# Happy Independance Day



## Uncle Peter (Jun 26, 2002)

Have a Happy & Safe Fourth of July. :hi:


----------



## Scott Greczkowski (Mar 21, 2002)

Same back to ya!

God Bless America!


----------



## Rage (Aug 19, 2001)

Ditto! 

I remember when I read in the newspaper that an american high-school student asked a French exchange student if they celibrated the 4th of July.


----------



## Kevin (Mar 27, 2002)

Happy 4th of July everyone!


----------



## Steve Mehs (Mar 21, 2002)

Happy Independence Day everone


----------



## John Corn (Mar 21, 2002)

*Happy Birthday, United States of America!  *


----------



## Jacob S (Apr 14, 2002)

Happy Independence Day.

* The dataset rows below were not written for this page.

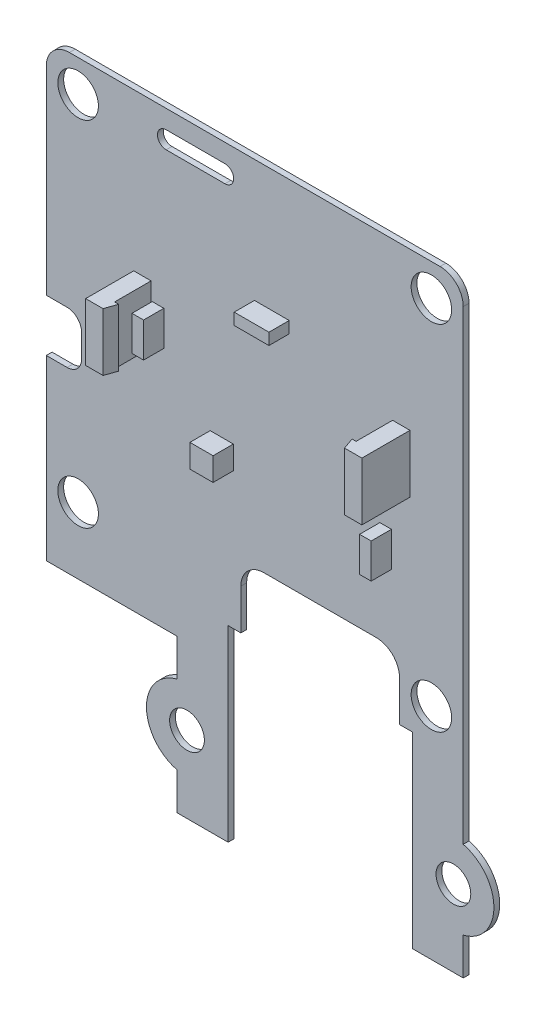
SolidWorks part; units mm, degrees
ref_plane "Front Plane" through (0, 0, 0) normal (0, 0, 1) x (1, 0, 0)
ref_plane "Top Plane" through (0, 0, 0) normal (0, 1, 0) x (1, 0, 0)
ref_plane "Right Plane" through (0, 0, 0) normal (1, 0, 0) x (0, 0, -1)
sketch "Sketch1" plane through (0, 0, 0) normal (0, 0, 1) x (1, 0, 0)
  line L1 (-14.95, -2.4) -> (-14.95, -4.4) construction
  line L2 (-16.2, -1.15) -> (-16.2, -5.65)
  line L3 (-14.95, -2.4) -> (-14.95, -4.4)
  line L4 (-7.65, 14.9) -> (-2.57, 14.9) construction
  line L5 (13.6, -18.1) -> (13.6, -34.2)
  line L6 (13.6, -34.2) -> (18, -34.2)
  line L7 (-2.3, -34.2) -> (-2.3, -18.1)
  line L8 (16, 18) -> (-16, 18)
  line L9 (-18, 16) -> (-18, -1.15)
  line L10 (-18, -18) -> (-1.2, -18)
  line L11 (-1.2, -18) -> (-1.2, -14.5)
  line L12 (0.8, -12.5) -> (10.5, -12.5)
  line L13 (12.5, -14.5) -> (12.5, -18)
  line L14 (12.5, -18) -> (18, -18)
  line L15 (18, -18) -> (18, 16)
  line L16 (16, 18) -> (-16, 18)
  line L17 (-18, 16) -> (-18, -1.15)
  line L18 (-18, -18) -> (-1.2, -18)
  line L19 (-1.2, -18) -> (-1.2, -14.5)
  line L20 (0.8, -12.5) -> (10.5, -12.5)
  line L21 (12.5, -14.5) -> (12.5, -18)
  line L22 (12.5, -18) -> (18, -18)
  line L23 (18, -18) -> (18, 16)
  line L24 (-2.3, -18.1) -> (-18, -18.1)
  line L25 (-18, -18.1) -> (-18, -21)
  line L26 (-18, -21) -> (-6.7, -21)
  line L27 (-6.7, -21) -> (-6.7, -24.2048)
  line L28 (-6.7, -30.9952) -> (-6.7, -34.2)
  line L29 (-6.7, -34.2) -> (-2.3, -34.2)
  line L30 (-2.3, -34.2) -> (-2.3, -18.1)
  line L31 (-2.3, -18.1) -> (-18, -18.1)
  line L32 (-18, -18.1) -> (-18, -21)
  line L33 (-18, -21) -> (-6.7, -21)
  line L34 (-6.7, -21) -> (-6.7, -24.2048)
  line L35 (-6.7, -30.9952) -> (-6.7, -34.2)
  line L36 (-6.7, -34.2) -> (-2.3, -34.2)
  line L37 (18, -34.2) -> (18, -30.9952)
  line L38 (18, -24.2048) -> (18, -18.1)
  line L39 (18, -18.1) -> (13.6, -18.1)
  line L40 (13.6, -18.1) -> (13.6, -34.2)
  line L41 (13.6, -34.2) -> (18, -34.2)
  line L42 (18, -34.2) -> (18, -30.9952)
  line L43 (18, -24.2048) -> (18, -18.1)
  line L44 (18, -18.1) -> (13.6, -18.1)
  line L45 (-7.65, 16.4) -> (-2.57, 16.4) construction
  line L46 (-7.65, 14.9) -> (-2.57, 14.9)
  line L47 (-7.65, 16.4) -> (-2.57, 16.4)
  line L48 (-18, -1.15) -> (-18, -18.1)
  line L49 (18, -18) -> (18, -18.1)
  line L50 (13.6, -18.1) -> (13.6, -18)
  line L51 (-2.3, -18.1) -> (-2.3, -18)
  line L112 (-18, -1.15) -> (-16.2, -1.15)
  line L113 (-18, -1.15) -> (-16.2, -1.15)
  line L114 (-14.95, -2.4) -> (-14.95, -4.4)
  line L115 (-14.95, -2.4) -> (-14.95, -4.4)
  line L116 (-16.2, -5.65) -> (-18, -5.65)
  line L117 (-16.2, -5.65) -> (-18, -5.65)
  line L118 (-18, -5.65) -> (-18, -18)
  line L119 (-18, -5.65) -> (-18, -18)
  arc A0 (-16.2, -5.65) -> (-14.95, -4.4) centre (-16.2, -4.4) ccw construction
  arc A1 (-6.7, -24.2048) -> (-6.7, -30.9952) centre (-5.85, -27.6) ccw
  arc A2 (-6.7, -24.2048) -> (-6.7, -30.9952) centre (-5.85, -27.6) ccw
  arc A3 (18, -30.9952) -> (18, -24.2048) centre (17.15, -27.6) ccw
  arc A4 (-16, 18) -> (-18, 16) centre (-16, 16) ccw
  arc A5 (0.8, -12.5) -> (-1.2, -14.5) centre (0.8, -14.5) ccw
  arc A6 (12.5, -14.5) -> (10.5, -12.5) centre (10.5, -14.5) ccw
  arc A7 (18, 16) -> (16, 18) centre (16, 16) ccw
  arc A8 (-16, 18) -> (-18, 16) centre (-16, 16) ccw
  arc A9 (0.8, -12.5) -> (-1.2, -14.5) centre (0.8, -14.5) ccw
  arc A10 (12.5, -14.5) -> (10.5, -12.5) centre (10.5, -14.5) ccw
  arc A11 (18, 16) -> (16, 18) centre (16, 16) ccw
  arc A12 (18, -30.9952) -> (18, -24.2048) centre (17.15, -27.6) ccw
  arc A13 (-14.95, -2.4) -> (-16.2, -1.15) centre (-16.2, -2.4) ccw construction
  arc A14 (-16.2, -5.65) -> (-14.95, -4.4) centre (-16.2, -4.4) ccw
  arc A15 (-14.95, -2.4) -> (-16.2, -1.15) centre (-16.2, -2.4) ccw
  circle A18 centre (17.15, -27.6) radius 1.5 construction
  circle A19 centre (-5.85, -27.6) radius 1.5 construction
  circle A22 centre (15.25, 15.25) radius 1.75
  circle A23 centre (15.25, -15.25) radius 1.75
  circle A24 centre (17.15, -27.6) radius 1.5
  circle A25 centre (-5.85, -27.6) radius 1.5
  circle A26 centre (-15.25, -15.25) radius 1.75
  circle A27 centre (-15.25, 15.25) radius 1.75
  arc A28 (-2.57, 14.9) -> (-2.57, 16.4) centre (-2.57, 15.65) ccw construction
  arc A29 (-7.65, 16.4) -> (-7.65, 14.9) centre (-7.65, 15.65) ccw construction
  arc A30 (-2.57, 14.9) -> (-2.57, 16.4) centre (-2.57, 15.65) ccw
  arc A31 (-7.65, 16.4) -> (-7.65, 14.9) centre (-7.65, 15.65) ccw
  circle A46 centre (15.25, -15.25) radius 1.75 construction
  circle A47 centre (-15.25, -15.25) radius 1.75 construction
  circle A48 centre (-15.25, 15.25) radius 1.75 construction
  circle A49 centre (15.25, 15.25) radius 1.75 construction
  arc A62 (-14.95, -2.4) -> (-16.2, -1.15) centre (-16.2, -2.4) ccw
  arc A63 (-14.95, -2.4) -> (-16.2, -1.15) centre (-16.2, -2.4) ccw
  arc A64 (-16.2, -5.65) -> (-14.95, -4.4) centre (-16.2, -4.4) ccw
  arc A65 (-16.2, -5.65) -> (-14.95, -4.4) centre (-16.2, -4.4) ccw
  dimension "D1" = 0
  dimension "D2" = 0
  dimension "D3" = 0
extrude "Base shape" add sketch "Sketch1" along normal blind 0.5 contours L23 A11 L16 A8 L17 L18 L19 A9 L20 A10 L21 L22 A31 L47 A30 L46 A27 A26 A23 A22 A15 L3 A14 L2 | L31 L51 L18 L48 | L34 A2 L35 L36 L30 L31 L32 L33 A25 | L50 L44 L49 L22 | L42 A12 L43 L44 L40 L41 A24 region at (-0.1312, 0.8573, 0) region at (-10.15, -18.05, 0) region at (-10.15, -18.3249, 0) region at (15.8, -18.05, 0) region at (16.2483, -26.2681, 0)
sketch "Sketch2" plane through (0, 0, 0.5) normal (0, 0, 1) x (1, 0, 0)
  line L0 (1.475, 16.95) -> (1.475, -13.05) construction
  line L1 (-7.85, 1.45) -> (-8.85, 1.45) construction
  line L2 (-0.025, 7.45) -> (2.975, 7.45)
  line L3 (-0.025, 7.45) -> (-0.025, 6.45)
  line L4 (11.8, 16.95) -> (-8.85, 16.95)
  line L5 (-8.85, 16.95) -> (-8.85, -13.05)
  line L6 (-8.85, -13.05) -> (11.8, -13.05)
  line L7 (11.8, -13.05) -> (11.8, 16.95)
  line L8 (11.8, 16.95) -> (-8.85, 16.95)
  line L9 (-8.85, 16.95) -> (-8.85, -13.05)
  line L10 (-8.85, -13.05) -> (11.8, -13.05)
  line L11 (11.8, -13.05) -> (11.8, 16.95)
  line L12 (-0.025, 6.45) -> (2.975, 6.45)
  line L13 (2.975, 7.45) -> (2.975, 6.45)
  line L14 (-0.025, 7.45) -> (2.975, 6.45) construction
  line L15 (-0.025, 6.45) -> (2.975, 7.45) construction
  line L16 (-8.85, 2.95) -> (-7.85, 2.95)
  line L17 (-8.85, 2.95) -> (-8.85, -0.05)
  line L18 (-8.85, -0.05) -> (-7.85, -0.05)
  line L19 (-7.85, 2.95) -> (-7.85, -0.05)
  line L20 (-3.85, -4.2) -> (-1.85, -4.2)
  line L21 (-3.85, -4.2) -> (-3.85, -6.2)
  line L22 (-3.85, -6.2) -> (-1.85, -6.2)
  line L23 (-1.85, -4.2) -> (-1.85, -6.2)
  line L24 (11.8, -3.75) -> (10.8, -3.75)
  line L25 (11.8, -3.75) -> (11.8, -6.75)
  line L26 (11.8, -6.75) -> (10.8, -6.75)
  line L27 (10.8, -3.75) -> (10.8, -6.75)
  line L28 (11.8, 1.95) -> (10.8, 1.95)
  line L29 (11.8, 1.95) -> (11.8, -1.05)
  line L30 (11.8, -1.05) -> (10.8, -1.05)
  line L31 (10.8, 1.95) -> (10.8, -1.05)
  line L32 (-3.85, -5.2) -> (-1.85, -5.2) construction
  line L33 (-2.85, -4.2) -> (-2.85, -6.2) construction
  line L34 (10.8, 0.45) -> (11.8, 0.45) construction
  line L35 (10.8, -5.25) -> (11.8, -5.25) construction
  point P6 (1.475, 6.95)
  dimension "D2" = 3
  dimension "D3" = 1
  dimension "D4" = 10
  dimension "D5" = 7.8
  dimension "D6" = 16.5
  dimension "D7" = 7.85
  dimension "D8" = 6
  dimension "D9" = 2
  dimension "D10" = 15.5
  dimension "D1" = 0
extrude "RX supports" add sketch "Sketch2" along normal blind 1.75 contours L13 L2 L3 L12 | L19 L16 L9 L18 | L23 L20 L21 L22 | L28 L31 L30 L11 | L24 L27 L26 L11 region at (1.475, 6.95, 0.5) region at (11.3, 0.45, 0.5) region at (-8.35, 1.45, 0.5) region at (11.3, -5.25, 0.5) region at (-2.85, -5.2, 0.5)
sketch "Sketch3" plane through (0, 0, 0.5) normal (0, 0, 1) x (1, 0, 0)
  line L0 (-8.85, 1.95) -> (11.8, 1.95) construction
  line L1 (1.475, 16.95) -> (1.475, -13.05) construction
  line L2 (-8.95, 4.45) -> (-10.45, 4.45)
  line L3 (-8.95, 4.45) -> (-8.95, -0.55)
  line L4 (11.8, 16.95) -> (-8.85, 16.95)
  line L5 (-8.85, 16.95) -> (-8.85, -13.05)
  line L6 (-8.85, -13.05) -> (11.8, -13.05)
  line L7 (11.8, -13.05) -> (11.8, 16.95)
  line L8 (11.8, 16.95) -> (-8.85, 16.95)
  line L9 (-8.85, 16.95) -> (-8.85, -13.05)
  line L10 (-8.85, -13.05) -> (11.8, -13.05)
  line L11 (11.8, -13.05) -> (11.8, 16.95)
  line L12 (-8.95, -0.55) -> (-10.45, -0.55)
  line L13 (-10.45, 4.45) -> (-10.45, -0.55)
  line L14 (11.9, -0.55) -> (13.4, -0.55)
  line L15 (13.4, 4.45) -> (13.4, -0.55)
  line L16 (11.9, 4.45) -> (13.4, 4.45)
  line L17 (11.9, 4.45) -> (11.9, -0.55)
  point P10 (-10.45, 1.95)
  dimension "D2" = 5
  dimension "D3" = 1.5
  dimension "D4" = 0.1
  dimension "D1" = 0
extrude "Clip base" add sketch "Sketch3" along normal offset from surface (3.15 mm away) 0.2 contours L2 L13 L12 L3 | L16 L17 L14 L15 region at (-9.7, 1.95, 0.5) region at (12.65, 1.95, 0.5) offset beyond the face yes
sketch "Sketch4" plane through (0, 0, 3.65) normal (0, 0, 1) x (1, 0, 0)
  line L0 (-8.95, -0.55) -> (-10.45, -0.55) construction
  line L1 (-10.45, 4.45) -> (-8.6, 4.45)
  line L2 (-10.45, 4.45) -> (-10.45, -0.55)
  line L3 (-10.45, -0.55) -> (-8.6, -0.55)
  line L4 (-8.6, 4.45) -> (-8.6, -0.55)
  line L5 (-8.95, 4.45) -> (-8.95, -0.55) construction
  line L6 (-10.45, 1.95) -> (13.4, 1.95) construction
  line L7 (13.4, 4.45) -> (13.4, -0.55) construction
  line L8 (1.475, 4.45) -> (1.475, -0.55) construction
  line L9 (11.55, 4.45) -> (11.55, -0.55)
  line L10 (13.4, 4.45) -> (11.55, 4.45)
  line L11 (13.4, 4.45) -> (13.4, -0.55)
  line L12 (13.4, -0.55) -> (11.55, -0.55)
  point P17 (1.475, 1.95)
  dimension "D1" = 0.35
extrude "Clip top" add sketch "Sketch4" along normal blind 1
sketch "Sketch5" plane through (0, -0.55, 0) normal (0, -1, 0) x (1, 0, 0)
  line L0 (-8.6, 3.65) -> (-8.95, 4.65)
  line L1 (-10.45, 4.65) -> (-8.6, 4.65) construction
  line L2 (-8.95, 4.65) -> (-8.6, 4.65)
  line L3 (-8.6, 4.65) -> (-8.6, 3.65)
  line L4 (-8.95, 3.65) -> (-8.95, 0.5) construction
  line L5 (11.55, 3.65) -> (11.9, 4.65)
  line L6 (11.55, 4.65) -> (13.4, 4.65) construction
  line L7 (11.9, 4.65) -> (11.55, 4.65)
  line L8 (11.55, 4.65) -> (11.55, 3.65)
  line L9 (11.9, 3.65) -> (11.9, 0.5) construction
extrude "Clip chamfer" cut sketch "Sketch5" against normal up to next

President Bush and his wife came to a town 8 miles from me (Ripley, WV) and it was and still might be on CNN (channel 200 on Dish).


----------



## SParker (Apr 27, 2002)

I just saw a shootout at LAX in Los Angeles? 4 shot? woah


----------



## John Corn (Mar 21, 2002)

I just read that, 2 were killed.


----------



## Jacob S (Apr 14, 2002)

I heard two, then heard three, and then later I think I heard that there were four shot, and there were stabbings as well and a plane crashed killing even more than that too landing on people, injuring mainly children.


----------